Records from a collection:
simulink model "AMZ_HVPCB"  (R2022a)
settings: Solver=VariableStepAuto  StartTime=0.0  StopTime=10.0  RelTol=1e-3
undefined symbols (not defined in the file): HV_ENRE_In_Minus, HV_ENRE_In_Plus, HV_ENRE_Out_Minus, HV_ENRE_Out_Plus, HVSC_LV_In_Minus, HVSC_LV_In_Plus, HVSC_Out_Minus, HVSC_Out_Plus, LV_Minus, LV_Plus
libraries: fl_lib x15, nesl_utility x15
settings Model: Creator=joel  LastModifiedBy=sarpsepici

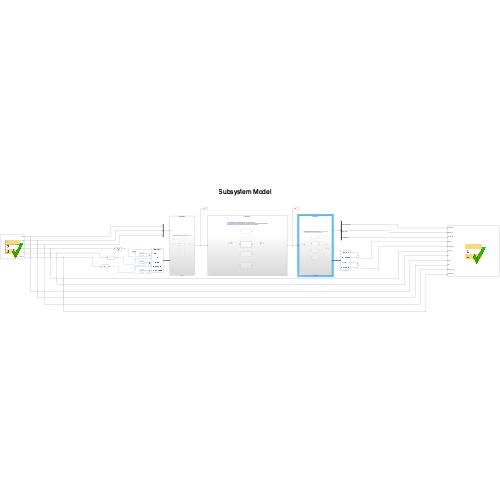
[thumbnail: Simulink's stored preview of the top-level diagram]
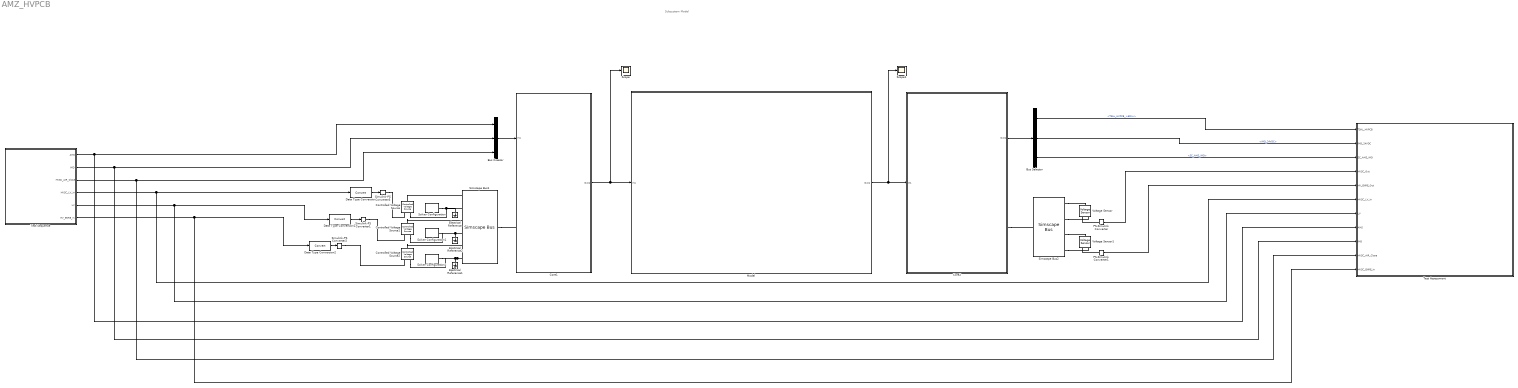
== system AMZ_HVPCB ==
  note: Subsystem Model
  Bus Creator : BusCreator  Inputs=3
  Bus Selector : BusSelector  OutputSignals=TSAL_HVPCB_>60V+,IMD_24VDC,SC_AMS_IMD
  Controlled Voltage Source : fl_lib/Electrical/Electrical Sources/Controlled Voltage Source
      settings: SourceProductBaseCode=PW,SS,VE
  Controlled Voltage Source1 : fl_lib/Electrical/Electrical Sources/Controlled Voltage Source
      settings: SourceProductBaseCode=PW,SS,VE
  Controlled Voltage Source2 : fl_lib/Electrical/Electrical Sources/Controlled Voltage Source
      settings: SourceProductBaseCode=PW,SS,VE
  Core1 : Subsystem  Variant=on
  Core2 : Subsystem  Variant=on
  Data Type Conversion : DataTypeConversion  ConvertRealWorld=Stored Integer (SI)  SaturateOnIntegerOverflow=off  RndMeth=Floor
  Data Type Conversion1 : DataTypeConversion  ConvertRealWorld=Stored Integer (SI)  SaturateOnIntegerOverflow=off  RndMeth=Floor
  Data Type Conversion2 : DataTypeConversion  ConvertRealWorld=Stored Integer (SI)  SaturateOnIntegerOverflow=off  RndMeth=Floor
  Electrical Reference : fl_lib/Electrical/Electrical Elements/Electrical Reference
      settings: SourceProductBaseCode=PW,SS,VE
  Electrical Reference1 : fl_lib/Electrical/Electrical Elements/Electrical Reference
      settings: SourceProductBaseCode=PW,SS,VE
  Electrical Reference2 : fl_lib/Electrical/Electrical Elements/Electrical Reference
      settings: SourceProductBaseCode=PW,SS,VE
  Model : Subsystem  Variant=on
  PS-Simulink Converter : nesl_utility/PS-Simulink Converter  PhysicalDomain=network_engine_domain  SubClassName=ps_output  LeftPortType=input  RightPortType=output  PseudoPeriodic=off  Frequencies=[]  VectorFormat=inherit  Unit=inherit  AffineConversion=off
      settings: SourceProductBaseCode=SS,PW,VE
  PS-Simulink Converter1 : nesl_utility/PS-Simulink Converter  PhysicalDomain=network_engine_domain  SubClassName=ps_output  LeftPortType=input  RightPortType=output  PseudoPeriodic=off  Frequencies=[]  VectorFormat=inherit  Unit=inherit  AffineConversion=off
      settings: SourceProductBaseCode=SS,PW,VE
  Scope : Scope
  Scope1 : Scope
  Simscape Bus1 : SimscapeBus  HierarchyStrings=HVSC_LV_In_Plus;HVSC_LV_In_Minus;LV_Plus;LV_Minus;HV_ENRE_In_Plus;HV_ENRE_In_Minus
  Simscape Bus2 : SimscapeBus  HierarchyStrings=HVSC_Out_Plus;HVSC_Out_Minus;HV_ENRE_Out_Plus;HV_ENRE_Out_Minus
  Simulink-PS Converter1 : nesl_utility/Simulink-PS Converter  PhysicalDomain=network_engine_domain  SubClassName=ps_input  LeftPortType=input  RightPortType=output  PseudoPeriodic=off  Frequencies=[]  NoiseDistribution=none  NoiseParameters=[]  Unit=1  AffineConversion=off  FilteringAndDerivatives=provide  SimscapeFilterOrder=1  InputFilterTimeConstant=0.001  UdotUserProvided=0
      settings: SourceProductBaseCode=SS,PW,VE
  Simulink-PS Converter2 : nesl_utility/Simulink-PS Converter  PhysicalDomain=network_engine_domain  SubClassName=ps_input  LeftPortType=input  RightPortType=output  PseudoPeriodic=off  Frequencies=[]  NoiseDistribution=none  NoiseParameters=[]  Unit=1  AffineConversion=off  FilteringAndDerivatives=provide  SimscapeFilterOrder=1  InputFilterTimeConstant=0.001  UdotUserProvided=0
      settings: SourceProductBaseCode=SS,PW,VE
  Simulink-PS Converter3 : nesl_utility/Simulink-PS Converter  PhysicalDomain=network_engine_domain  SubClassName=ps_input  LeftPortType=input  RightPortType=output  PseudoPeriodic=off  Frequencies=[]  NoiseDistribution=none  NoiseParameters=[]  Unit=1  AffineConversion=off  FilteringAndDerivatives=provide  SimscapeFilterOrder=1  InputFilterTimeConstant=0.001  UdotUserProvided=0
      settings: SourceProductBaseCode=SS,PW,VE
  Solver Configuration : nesl_utility/Solver Configuration  PhysicalDomain=network_engine_domain  SubClassName=solver  LeftPortType=input  RightPortType=generic  Tones=[]  Harmonics=[]  SimulateNoise=off  Profile=off  UseLocalSampling=off  EnableSwitchedLinearOptims=on  FrequencyDomain=off  UseCCode=off  RelTol=0.001  AbsTol=0.001  MinStep=1e-09  ToWorkspace=off  RevertToSquareIcSolve=off  NumHomotopyIterations=100  PhasorMode=off  PhasorModeNumHarmonics=1  IndexReductionMethod=DerivativeReplacement  DoDC=off  ResidualTolerance=1e-09  UseLocalSolver=off  LocalSolverChoice=NE_BACKWARD_EULER_ADVANCER  LocalSolverSampleTime=0.001  DoFixedCost=off  MaxNonlinIter=3  MaxModeIter=2  ComputeImpulses=off  ImpulseIterations=2  LinearAlgebra=auto  LinearAlgebraNumThread=0  EquationFormulation=NE_TIME_EF  DelaysMemoryBudget=1024  AutomaticFiltering=on  FilteringTimeConstant=0.001  PartitionStorageMethod=AS_NEEDED  PartitionMemoryBudget=1024  PartitionMethod=ROBUST
      settings: SourceProductBaseCode=SS,PW,VE
  Solver Configuration1 : nesl_utility/Solver Configuration  PhysicalDomain=network_engine_domain  SubClassName=solver  LeftPortType=input  RightPortType=generic  Tones=[]  Harmonics=[]  SimulateNoise=off  Profile=off  UseLocalSampling=off  EnableSwitchedLinearOptims=on  FrequencyDomain=off  UseCCode=off  RelTol=0.001  AbsTol=0.001  MinStep=1e-09  ToWorkspace=off  RevertToSquareIcSolve=off  NumHomotopyIterations=100  PhasorMode=off  PhasorModeNumHarmonics=1  IndexReductionMethod=DerivativeReplacement  DoDC=off  ResidualTolerance=1e-09  UseLocalSolver=off  LocalSolverChoice=NE_BACKWARD_EULER_ADVANCER  LocalSolverSampleTime=0.001  DoFixedCost=off  MaxNonlinIter=3  MaxModeIter=2  ComputeImpulses=off  ImpulseIterations=2  LinearAlgebra=auto  LinearAlgebraNumThread=0  EquationFormulation=NE_TIME_EF  DelaysMemoryBudget=1024  AutomaticFiltering=on  FilteringTimeConstant=0.001  PartitionStorageMethod=AS_NEEDED  PartitionMemoryBudget=1024  PartitionMethod=ROBUST
      settings: SourceProductBaseCode=SS,PW,VE
  Solver Configuration2 : nesl_utility/Solver Configuration  PhysicalDomain=network_engine_domain  SubClassName=solver  LeftPortType=input  RightPortType=generic  Tones=[]  Harmonics=[]  SimulateNoise=off  Profile=off  UseLocalSampling=off  EnableSwitchedLinearOptims=on  FrequencyDomain=off  UseCCode=off  RelTol=0.001  AbsTol=0.001  MinStep=1e-09  ToWorkspace=off  RevertToSquareIcSolve=off  NumHomotopyIterations=100  PhasorMode=off  PhasorModeNumHarmonics=1  IndexReductionMethod=DerivativeReplacement  DoDC=off  ResidualTolerance=1e-09  UseLocalSolver=off  LocalSolverChoice=NE_BACKWARD_EULER_ADVANCER  LocalSolverSampleTime=0.001  DoFixedCost=off  MaxNonlinIter=3  MaxModeIter=2  ComputeImpulses=off  ImpulseIterations=2  LinearAlgebra=auto  LinearAlgebraNumThread=0  EquationFormulation=NE_TIME_EF  DelaysMemoryBudget=1024  AutomaticFiltering=on  FilteringTimeConstant=0.001  PartitionStorageMethod=AS_NEEDED  PartitionMemoryBudget=1024  PartitionMethod=ROBUST
      settings: SourceProductBaseCode=SS,PW,VE
  Test Assessment : Test Sequence  TreatAsAtomicUnit=on
  Test Sequence : Test Sequence  TreatAsAtomicUnit=on
  Voltage Sensor : fl_lib/Electrical/Electrical Sensors/Voltage Sensor
      settings: SourceProductBaseCode=PW,SS,VE
  Voltage Sensor1 : fl_lib/Electrical/Electrical Sensors/Voltage Sensor
      settings: SourceProductBaseCode=PW,SS,VE
  wires:
  Core1/1(Out1) -> Scope/1, Model/1(In1)
  Model/1(Out1) -> Core2/1(In1), Scope1/1
  Bus Creator/1 -> Core1/1(In1)
  Data Type Conversion/1 -> Simulink-PS Converter3/1
  Data Type Conversion1/1 -> Simulink-PS Converter1/1
  Data Type Conversion2/1 -> Simulink-PS Converter2/1
  Core2/1(Out1) -> Bus Selector/1
  Bus Selector/1 -> Test Assessment/1(TSAL_HVPCB)  "<TSAL_HVPCB_>60V+>"
  Bus Selector/2 -> Test Assessment/2(IMD_24VDC)  "<IMD_24VDC>"
  Bus Selector/3 -> Test Assessment/3(SC_AMS_IMD)  "<SC_AMS_IMD>"
  PS-Simulink Converter/1 -> Test Assessment/4(HVSC_Out)
  PS-Simulink Converter1/1 -> Test Assessment/5(HV_ENRE_Out)
  Test Sequence/4(HVSC_LV_In) -> Test Assessment/6(HVSC_LV_In), Data Type Conversion/1
  Test Sequence/5(LV) -> Test Assessment/7(LV), Data Type Conversion1/1
  Test Sequence/1(AMS) -> Test Assessment/8(AMS), Bus Creator/1
  Test Sequence/2(IMD) -> Test Assessment/9(IMD), Bus Creator/2
  Test Sequence/3(HVSC_AIR_Close) -> Test Assessment/10(HVSC_AIR_Close), Bus Creator/3
  Test Sequence/6(HV_ENRE_In) -> Test Assessment/11(HVSC_ENRE_In), Data Type Conversion2/1
  connections:
  Simscape Bus1/RConn1 -- Core1/LConn1
  Controlled Voltage Source/LConn1 -- Simscape Bus1/LConn1
  Electrical Reference/LConn1 -- Simscape Bus1/LConn2 -- Solver Configuration/RConn1 -- Controlled Voltage Source/RConn2
  Controlled Voltage Source1/LConn1 -- Simscape Bus1/LConn3
  Electrical Reference2/LConn1 -- Solver Configuration1/RConn1 -- Controlled Voltage Source1/RConn2 -- Simscape Bus1/LConn4
  Controlled Voltage Source2/LConn1 -- Simscape Bus1/LConn5
  Simscape Bus1/LConn6 -- Solver Configuration2/RConn1 -- Controlled Voltage Source2/RConn2 -- Electrical Reference1/LConn1
  Simulink-PS Converter3/RConn1 -- Controlled Voltage Source/RConn1
  Simulink-PS Converter1/RConn1 -- Controlled Voltage Source1/RConn1
  Simulink-PS Converter2/RConn1 -- Controlled Voltage Source2/RConn1
  Simscape Bus2/LConn1 -- Voltage Sensor/LConn1
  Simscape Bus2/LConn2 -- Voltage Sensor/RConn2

* **What the task requires**: Above this instruction are the records; retype exactly the lines from the one containing "PS-Simulink Converter1/1 ->" up to and including the one containing "Controlled Voltage Source1/LConn1".

* **Answer box**:
  PS-Simulink Converter1/1 -> Test Assessment/5(HV_ENRE_Out)
  Test Sequence/4(HVSC_LV_In) -> Test Assessment/6(HVSC_LV_In), Data Type Conversion/1
  Test Sequence/5(LV) -> Test Assessment/7(LV), Data Type Conversion1/1
  Test Sequence/1(AMS) -> Test Assessment/8(AMS), Bus Creator/1
  Test Sequence/2(IMD) -> Test Assessment/9(IMD), Bus Creator/2
  Test Sequence/3(HVSC_AIR_Close) -> Test Assessment/10(HVSC_AIR_Close), Bus Creator/3
  Test Sequence/6(HV_ENRE_In) -> Test Assessment/11(HVSC_ENRE_In), Data Type Conversion2/1
  connections:
  Simscape Bus1/RConn1 -- Core1/LConn1
  Controlled Voltage Source/LConn1 -- Simscape Bus1/LConn1
  Electrical Reference/LConn1 -- Simscape Bus1/LConn2 -- Solver Configuration/RConn1 -- Controlled Voltage Source/RConn2
  Controlled Voltage Source1/LConn1 -- Simscape Bus1/LConn3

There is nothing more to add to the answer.